— Task statement —
Give an unaltered copy of the listing below, minus its pictures.

— Data for review —
******************************

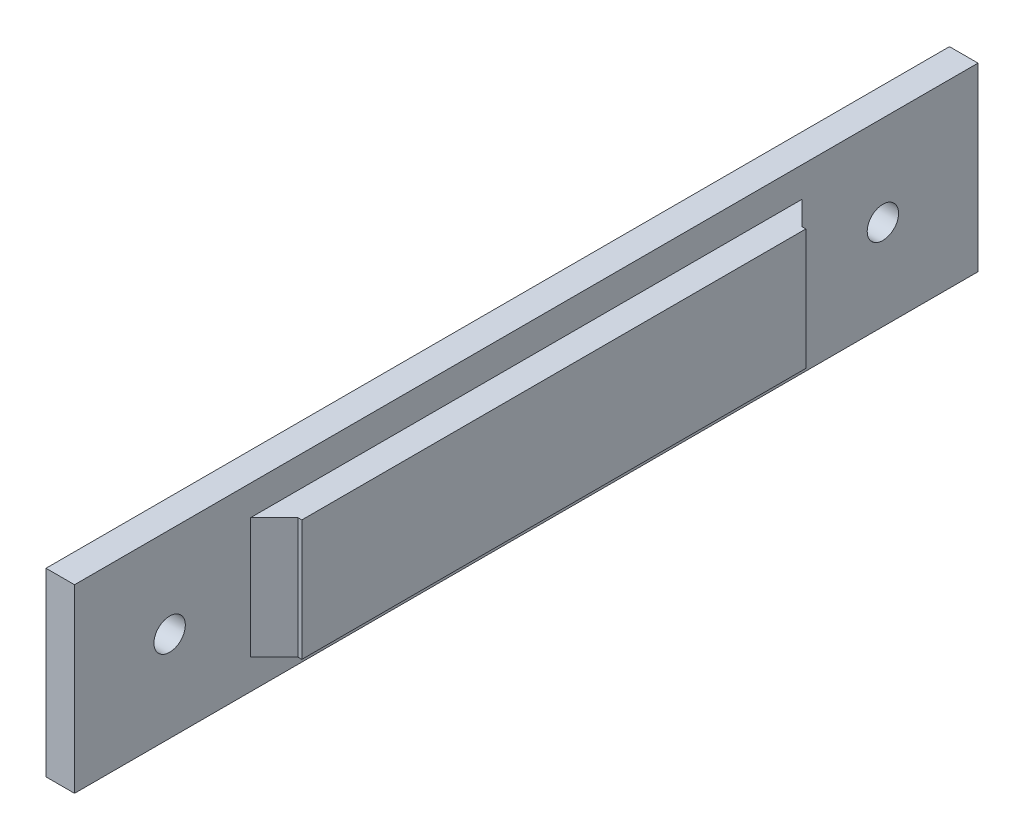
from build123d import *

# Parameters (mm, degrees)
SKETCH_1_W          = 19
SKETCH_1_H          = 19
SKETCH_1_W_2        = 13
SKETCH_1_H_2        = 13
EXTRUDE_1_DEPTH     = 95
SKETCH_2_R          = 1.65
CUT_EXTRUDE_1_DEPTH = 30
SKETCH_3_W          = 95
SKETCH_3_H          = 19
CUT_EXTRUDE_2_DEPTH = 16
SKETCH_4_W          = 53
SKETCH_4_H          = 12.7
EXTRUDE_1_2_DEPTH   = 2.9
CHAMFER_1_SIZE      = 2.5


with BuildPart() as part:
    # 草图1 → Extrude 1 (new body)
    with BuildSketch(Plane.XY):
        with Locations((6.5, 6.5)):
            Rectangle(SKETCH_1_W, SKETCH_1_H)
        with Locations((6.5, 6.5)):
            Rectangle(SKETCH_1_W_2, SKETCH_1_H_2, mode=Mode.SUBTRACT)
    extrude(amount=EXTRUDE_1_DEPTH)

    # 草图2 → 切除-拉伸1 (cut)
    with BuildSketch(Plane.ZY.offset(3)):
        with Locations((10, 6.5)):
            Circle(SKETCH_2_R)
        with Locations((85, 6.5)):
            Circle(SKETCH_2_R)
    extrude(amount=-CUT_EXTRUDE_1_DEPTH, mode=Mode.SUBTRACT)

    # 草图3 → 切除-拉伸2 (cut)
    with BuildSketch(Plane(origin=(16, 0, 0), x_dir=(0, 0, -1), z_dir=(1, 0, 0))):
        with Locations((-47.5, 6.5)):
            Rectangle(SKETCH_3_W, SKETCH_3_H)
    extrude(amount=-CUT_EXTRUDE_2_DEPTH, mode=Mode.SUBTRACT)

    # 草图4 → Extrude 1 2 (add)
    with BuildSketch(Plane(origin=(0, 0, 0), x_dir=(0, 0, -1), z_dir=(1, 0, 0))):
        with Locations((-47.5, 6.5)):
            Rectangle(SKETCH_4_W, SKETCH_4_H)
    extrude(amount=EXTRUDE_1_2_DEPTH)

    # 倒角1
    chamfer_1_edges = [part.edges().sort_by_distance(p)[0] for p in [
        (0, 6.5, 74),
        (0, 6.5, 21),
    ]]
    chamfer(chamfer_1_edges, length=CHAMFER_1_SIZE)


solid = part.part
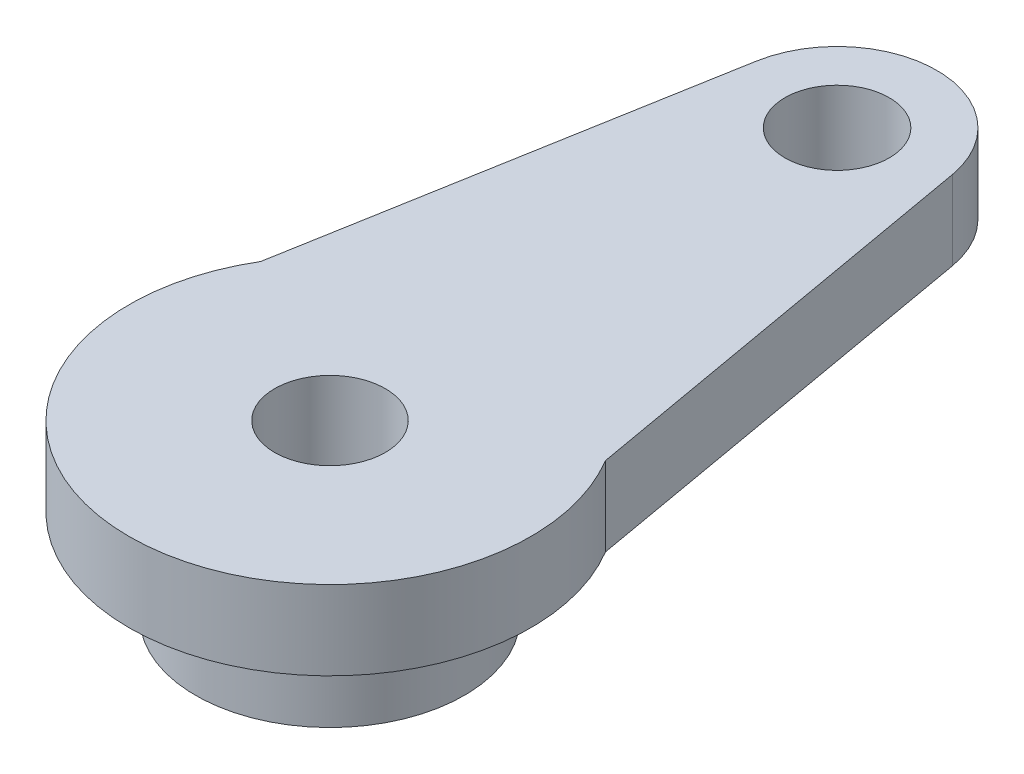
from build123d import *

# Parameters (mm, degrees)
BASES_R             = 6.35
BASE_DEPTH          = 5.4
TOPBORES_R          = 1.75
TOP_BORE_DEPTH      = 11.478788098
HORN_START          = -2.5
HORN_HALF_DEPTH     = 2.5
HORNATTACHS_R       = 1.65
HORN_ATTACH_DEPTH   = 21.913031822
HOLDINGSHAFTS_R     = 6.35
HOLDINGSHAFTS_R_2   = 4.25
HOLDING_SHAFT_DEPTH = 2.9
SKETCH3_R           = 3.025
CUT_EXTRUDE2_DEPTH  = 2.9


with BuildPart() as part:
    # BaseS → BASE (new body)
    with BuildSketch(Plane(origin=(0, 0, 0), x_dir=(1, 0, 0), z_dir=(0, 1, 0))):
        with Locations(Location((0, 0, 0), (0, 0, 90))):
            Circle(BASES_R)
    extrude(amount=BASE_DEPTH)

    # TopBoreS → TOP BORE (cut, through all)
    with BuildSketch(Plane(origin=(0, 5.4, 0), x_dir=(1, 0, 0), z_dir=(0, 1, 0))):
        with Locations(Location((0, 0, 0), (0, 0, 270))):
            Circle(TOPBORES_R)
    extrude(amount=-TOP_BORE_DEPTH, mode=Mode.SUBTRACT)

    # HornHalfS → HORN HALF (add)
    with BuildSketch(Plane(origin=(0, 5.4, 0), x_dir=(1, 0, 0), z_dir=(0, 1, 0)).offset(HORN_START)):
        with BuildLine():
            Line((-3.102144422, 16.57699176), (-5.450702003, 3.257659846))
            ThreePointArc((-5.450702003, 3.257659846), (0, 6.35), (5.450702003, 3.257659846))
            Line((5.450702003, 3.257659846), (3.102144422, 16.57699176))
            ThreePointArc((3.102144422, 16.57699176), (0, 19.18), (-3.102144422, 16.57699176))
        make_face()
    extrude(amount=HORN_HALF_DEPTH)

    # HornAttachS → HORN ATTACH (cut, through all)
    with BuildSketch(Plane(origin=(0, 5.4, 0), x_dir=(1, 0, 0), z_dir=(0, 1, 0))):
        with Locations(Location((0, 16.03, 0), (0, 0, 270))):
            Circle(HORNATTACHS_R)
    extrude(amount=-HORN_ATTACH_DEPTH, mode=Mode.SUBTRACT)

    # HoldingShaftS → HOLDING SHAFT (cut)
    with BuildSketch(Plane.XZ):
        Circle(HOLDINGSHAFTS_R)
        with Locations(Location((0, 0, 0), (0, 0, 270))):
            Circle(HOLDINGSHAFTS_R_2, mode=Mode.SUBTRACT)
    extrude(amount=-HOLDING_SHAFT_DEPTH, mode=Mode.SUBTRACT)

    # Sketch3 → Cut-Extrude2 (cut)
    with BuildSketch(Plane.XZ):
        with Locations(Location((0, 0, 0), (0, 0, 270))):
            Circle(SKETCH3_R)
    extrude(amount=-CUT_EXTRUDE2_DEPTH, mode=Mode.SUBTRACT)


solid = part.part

******************************

— Solution for this exercise —
from build123d import *

# Parameters (mm, degrees)
SKETCH_1_W          = 19
SKETCH_1_H          = 19
SKETCH_1_W_2        = 13
SKETCH_1_H_2        = 13
EXTRUDE_1_DEPTH     = 95
SKETCH_2_R          = 1.65
CUT_EXTRUDE_1_DEPTH = 30
SKETCH_3_W          = 95
SKETCH_3_H          = 19
CUT_EXTRUDE_2_DEPTH = 16
SKETCH_4_W          = 53
SKETCH_4_H          = 12.7
EXTRUDE_1_2_DEPTH   = 2.9
CHAMFER_1_SIZE      = 2.5


with BuildPart() as part:
    # 草图1 → Extrude 1 (new body)
    with BuildSketch(Plane.XY):
        with Locations((6.5, 6.5)):
            Rectangle(SKETCH_1_W, SKETCH_1_H)
        with Locations((6.5, 6.5)):
            Rectangle(SKETCH_1_W_2, SKETCH_1_H_2, mode=Mode.SUBTRACT)
    extrude(amount=EXTRUDE_1_DEPTH)

    # 草图2 → 切除-拉伸1 (cut)
    with BuildSketch(Plane.ZY.offset(3)):
        with Locations((10, 6.5)):
            Circle(SKETCH_2_R)
        with Locations((85, 6.5)):
            Circle(SKETCH_2_R)
    extrude(amount=-CUT_EXTRUDE_1_DEPTH, mode=Mode.SUBTRACT)

    # 草图3 → 切除-拉伸2 (cut)
    with BuildSketch(Plane(origin=(16, 0, 0), x_dir=(0, 0, -1), z_dir=(1, 0, 0))):
        with Locations((-47.5, 6.5)):
            Rectangle(SKETCH_3_W, SKETCH_3_H)
    extrude(amount=-CUT_EXTRUDE_2_DEPTH, mode=Mode.SUBTRACT)

    # 草图4 → Extrude 1 2 (add)
    with BuildSketch(Plane(origin=(0, 0, 0), x_dir=(0, 0, -1), z_dir=(1, 0, 0))):
        with Locations((-47.5, 6.5)):
            Rectangle(SKETCH_4_W, SKETCH_4_H)
    extrude(amount=EXTRUDE_1_2_DEPTH)

    # 倒角1
    chamfer_1_edges = [part.edges().sort_by_distance(p)[0] for p in [
        (0, 6.5, 74),
        (0, 6.5, 21),
    ]]
    chamfer(chamfer_1_edges, length=CHAMFER_1_SIZE)


solid = part.part
from build123d import *

# Parameters (mm, degrees)
BASES_R             = 6.35
BASE_DEPTH          = 5.4
TOPBORES_R          = 1.75
TOP_BORE_DEPTH      = 11.478788098
HORN_START          = -2.5
HORN_HALF_DEPTH     = 2.5
HORNATTACHS_R       = 1.65
HORN_ATTACH_DEPTH   = 21.913031822
HOLDINGSHAFTS_R     = 6.35
HOLDINGSHAFTS_R_2   = 4.25
HOLDING_SHAFT_DEPTH = 2.9
SKETCH3_R           = 3.025
CUT_EXTRUDE2_DEPTH  = 2.9


with BuildPart() as part:
    # BaseS → BASE (new body)
    with BuildSketch(Plane(origin=(0, 0, 0), x_dir=(1, 0, 0), z_dir=(0, 1, 0))):
        with Locations(Location((0, 0, 0), (0, 0, 90))):
            Circle(BASES_R)
    extrude(amount=BASE_DEPTH)

    # TopBoreS → TOP BORE (cut, through all)
    with BuildSketch(Plane(origin=(0, 5.4, 0), x_dir=(1, 0, 0), z_dir=(0, 1, 0))):
        with Locations(Location((0, 0, 0), (0, 0, 270))):
            Circle(TOPBORES_R)
    extrude(amount=-TOP_BORE_DEPTH, mode=Mode.SUBTRACT)

    # HornHalfS → HORN HALF (add)
    with BuildSketch(Plane(origin=(0, 5.4, 0), x_dir=(1, 0, 0), z_dir=(0, 1, 0)).offset(HORN_START)):
        with BuildLine():
            Line((-3.102144422, 16.57699176), (-5.450702003, 3.257659846))
            ThreePointArc((-5.450702003, 3.257659846), (0, 6.35), (5.450702003, 3.257659846))
            Line((5.450702003, 3.257659846), (3.102144422, 16.57699176))
            ThreePointArc((3.102144422, 16.57699176), (0, 19.18), (-3.102144422, 16.57699176))
        make_face()
    extrude(amount=HORN_HALF_DEPTH)

    # HornAttachS → HORN ATTACH (cut, through all)
    with BuildSketch(Plane(origin=(0, 5.4, 0), x_dir=(1, 0, 0), z_dir=(0, 1, 0))):
        with Locations(Location((0, 16.03, 0), (0, 0, 270))):
            Circle(HORNATTACHS_R)
    extrude(amount=-HORN_ATTACH_DEPTH, mode=Mode.SUBTRACT)

    # HoldingShaftS → HOLDING SHAFT (cut)
    with BuildSketch(Plane.XZ):
        Circle(HOLDINGSHAFTS_R)
        with Locations(Location((0, 0, 0), (0, 0, 270))):
            Circle(HOLDINGSHAFTS_R_2, mode=Mode.SUBTRACT)
    extrude(amount=-HOLDING_SHAFT_DEPTH, mode=Mode.SUBTRACT)

    # Sketch3 → Cut-Extrude2 (cut)
    with BuildSketch(Plane.XZ):
        with Locations(Location((0, 0, 0), (0, 0, 270))):
            Circle(SKETCH3_R)
    extrude(amount=-CUT_EXTRUDE2_DEPTH, mode=Mode.SUBTRACT)


solid = part.part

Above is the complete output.